- Developer: Ivan Mackintosh
- Publisher: Red Rat Software
- Artist: Richard Munns
- Composer: Richard Munns
- Platform: Atari 8-bit
- Release: 1987
- Genres: Maze, shooter
- Mode: Single-player

= Space Lobsters =

1987 video game

Space Lobsters is a 1987 flip‑screen maze-shooter video game developed and published by Red Rat Software for the Atari 8-bit computers.

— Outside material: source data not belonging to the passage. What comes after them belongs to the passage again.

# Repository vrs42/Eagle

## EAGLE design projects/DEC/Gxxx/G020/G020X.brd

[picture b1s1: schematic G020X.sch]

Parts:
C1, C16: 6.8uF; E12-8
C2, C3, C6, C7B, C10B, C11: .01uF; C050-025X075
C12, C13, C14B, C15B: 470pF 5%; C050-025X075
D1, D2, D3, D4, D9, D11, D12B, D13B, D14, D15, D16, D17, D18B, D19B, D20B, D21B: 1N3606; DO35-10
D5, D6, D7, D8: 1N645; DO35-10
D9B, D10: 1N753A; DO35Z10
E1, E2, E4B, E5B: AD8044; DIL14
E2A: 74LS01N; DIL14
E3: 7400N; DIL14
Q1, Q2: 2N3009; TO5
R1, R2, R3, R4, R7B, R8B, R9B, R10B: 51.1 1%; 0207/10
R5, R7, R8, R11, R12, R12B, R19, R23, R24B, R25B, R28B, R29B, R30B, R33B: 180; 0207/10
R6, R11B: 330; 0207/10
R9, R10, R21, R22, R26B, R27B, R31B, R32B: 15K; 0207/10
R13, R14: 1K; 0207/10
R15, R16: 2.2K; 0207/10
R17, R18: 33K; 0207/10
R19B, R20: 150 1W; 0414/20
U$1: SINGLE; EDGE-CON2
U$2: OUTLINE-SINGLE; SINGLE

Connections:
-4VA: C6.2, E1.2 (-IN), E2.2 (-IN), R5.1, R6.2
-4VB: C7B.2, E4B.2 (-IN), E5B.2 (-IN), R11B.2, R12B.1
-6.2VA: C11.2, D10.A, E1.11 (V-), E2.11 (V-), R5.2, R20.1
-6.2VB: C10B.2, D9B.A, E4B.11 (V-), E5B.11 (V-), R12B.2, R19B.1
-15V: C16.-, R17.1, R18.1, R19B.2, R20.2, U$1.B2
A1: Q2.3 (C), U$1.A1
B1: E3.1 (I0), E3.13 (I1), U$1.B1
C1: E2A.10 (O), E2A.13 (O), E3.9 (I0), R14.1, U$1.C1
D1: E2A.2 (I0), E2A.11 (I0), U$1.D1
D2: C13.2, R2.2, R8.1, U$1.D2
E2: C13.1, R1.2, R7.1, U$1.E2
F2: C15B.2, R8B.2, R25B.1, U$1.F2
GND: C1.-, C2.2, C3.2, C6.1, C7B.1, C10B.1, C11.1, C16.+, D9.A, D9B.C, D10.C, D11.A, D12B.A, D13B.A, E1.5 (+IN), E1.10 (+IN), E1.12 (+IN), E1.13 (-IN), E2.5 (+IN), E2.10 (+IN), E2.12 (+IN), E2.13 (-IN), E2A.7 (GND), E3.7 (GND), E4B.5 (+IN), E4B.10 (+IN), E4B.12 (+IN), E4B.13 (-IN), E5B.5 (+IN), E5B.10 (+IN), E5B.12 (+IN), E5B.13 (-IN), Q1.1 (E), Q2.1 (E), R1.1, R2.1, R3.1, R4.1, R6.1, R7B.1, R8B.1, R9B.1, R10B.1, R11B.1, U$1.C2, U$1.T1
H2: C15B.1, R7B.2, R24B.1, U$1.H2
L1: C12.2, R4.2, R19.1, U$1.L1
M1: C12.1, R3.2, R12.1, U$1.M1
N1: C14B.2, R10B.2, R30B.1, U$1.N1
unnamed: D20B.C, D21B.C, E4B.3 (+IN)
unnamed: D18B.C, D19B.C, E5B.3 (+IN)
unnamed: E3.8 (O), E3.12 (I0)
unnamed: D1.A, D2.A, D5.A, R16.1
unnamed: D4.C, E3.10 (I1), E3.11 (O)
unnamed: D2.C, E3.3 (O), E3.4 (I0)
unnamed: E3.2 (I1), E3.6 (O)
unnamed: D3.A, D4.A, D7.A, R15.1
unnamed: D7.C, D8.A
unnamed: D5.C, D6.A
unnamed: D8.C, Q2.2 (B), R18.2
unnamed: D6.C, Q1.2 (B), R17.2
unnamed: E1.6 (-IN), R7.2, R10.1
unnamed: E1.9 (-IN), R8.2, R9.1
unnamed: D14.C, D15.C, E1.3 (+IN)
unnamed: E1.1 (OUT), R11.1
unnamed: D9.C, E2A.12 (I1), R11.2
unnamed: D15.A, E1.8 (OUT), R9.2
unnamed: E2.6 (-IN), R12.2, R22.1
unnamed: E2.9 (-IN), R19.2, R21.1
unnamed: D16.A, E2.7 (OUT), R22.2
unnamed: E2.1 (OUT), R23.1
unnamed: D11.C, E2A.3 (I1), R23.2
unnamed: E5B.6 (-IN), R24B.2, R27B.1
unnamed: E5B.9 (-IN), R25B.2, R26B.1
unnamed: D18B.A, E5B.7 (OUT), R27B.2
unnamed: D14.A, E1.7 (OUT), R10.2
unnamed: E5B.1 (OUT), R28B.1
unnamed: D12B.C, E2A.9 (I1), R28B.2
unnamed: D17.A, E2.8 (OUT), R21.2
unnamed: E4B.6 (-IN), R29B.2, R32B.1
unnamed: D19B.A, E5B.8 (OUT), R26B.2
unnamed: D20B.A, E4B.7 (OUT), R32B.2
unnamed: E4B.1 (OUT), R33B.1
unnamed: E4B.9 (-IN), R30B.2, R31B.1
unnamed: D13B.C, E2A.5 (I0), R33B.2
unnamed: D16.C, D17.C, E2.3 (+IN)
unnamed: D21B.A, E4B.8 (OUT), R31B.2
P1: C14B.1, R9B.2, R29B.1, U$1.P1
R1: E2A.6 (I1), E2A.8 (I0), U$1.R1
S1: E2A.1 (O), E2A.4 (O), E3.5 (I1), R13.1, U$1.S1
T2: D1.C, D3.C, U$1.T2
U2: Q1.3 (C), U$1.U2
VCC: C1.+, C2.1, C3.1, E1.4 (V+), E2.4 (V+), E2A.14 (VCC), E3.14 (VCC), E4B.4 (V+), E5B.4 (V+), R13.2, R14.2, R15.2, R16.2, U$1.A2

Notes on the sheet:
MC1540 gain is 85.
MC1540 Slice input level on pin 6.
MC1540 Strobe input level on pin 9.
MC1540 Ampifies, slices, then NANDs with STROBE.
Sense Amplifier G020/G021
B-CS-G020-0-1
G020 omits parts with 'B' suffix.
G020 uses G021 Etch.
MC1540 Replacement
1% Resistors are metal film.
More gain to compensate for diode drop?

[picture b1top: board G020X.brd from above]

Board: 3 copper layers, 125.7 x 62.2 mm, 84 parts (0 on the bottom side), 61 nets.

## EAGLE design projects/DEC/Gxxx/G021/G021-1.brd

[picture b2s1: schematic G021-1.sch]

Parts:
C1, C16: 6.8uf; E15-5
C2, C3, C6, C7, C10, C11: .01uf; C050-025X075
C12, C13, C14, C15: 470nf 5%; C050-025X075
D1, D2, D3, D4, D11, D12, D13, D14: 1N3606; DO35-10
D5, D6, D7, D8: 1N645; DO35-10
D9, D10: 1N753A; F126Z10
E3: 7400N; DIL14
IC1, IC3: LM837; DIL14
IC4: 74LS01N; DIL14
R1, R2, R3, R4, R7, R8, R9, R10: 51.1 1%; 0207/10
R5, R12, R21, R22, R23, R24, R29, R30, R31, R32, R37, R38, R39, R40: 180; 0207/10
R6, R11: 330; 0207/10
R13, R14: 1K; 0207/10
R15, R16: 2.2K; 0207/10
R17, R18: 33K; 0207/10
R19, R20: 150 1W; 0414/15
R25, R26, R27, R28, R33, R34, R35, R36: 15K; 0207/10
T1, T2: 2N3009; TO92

Players guide Captain Crumble through the gargantuan alien starship Colossus, shooting hostile crustaceans and robot guardians while searching more than 150 rooms for computer codes needed to activate the escape pod.

==Reception==
Page 6 magazine, an independent UK Atari journal, reviewed the game in issue 27. The reviewer praised the variety of rooms and the sense of exploration, describing Space Lobsters as "fast, colourful and good value for money" though they felt the cramped play window kept it from greatness. Atari User magazine awarded the game 7/10 overall. Reviewer Victor Laszlo praised its split‑screen graphics mix and "good, animated blast'em, run away, turn around and shoot'em again style" highlighting more than 150 screens and teleport mechanics. Sound, graphics, and value for money each scored 7/10, with playability rated 8/10. German magazine Aktueller Software Markt called the game "an appealing maze shooter" for Atari owners starved of new titles. The writer commended its colorful background art and smooth animation, though criticized the tiny playfield and repetitive in‑game sound.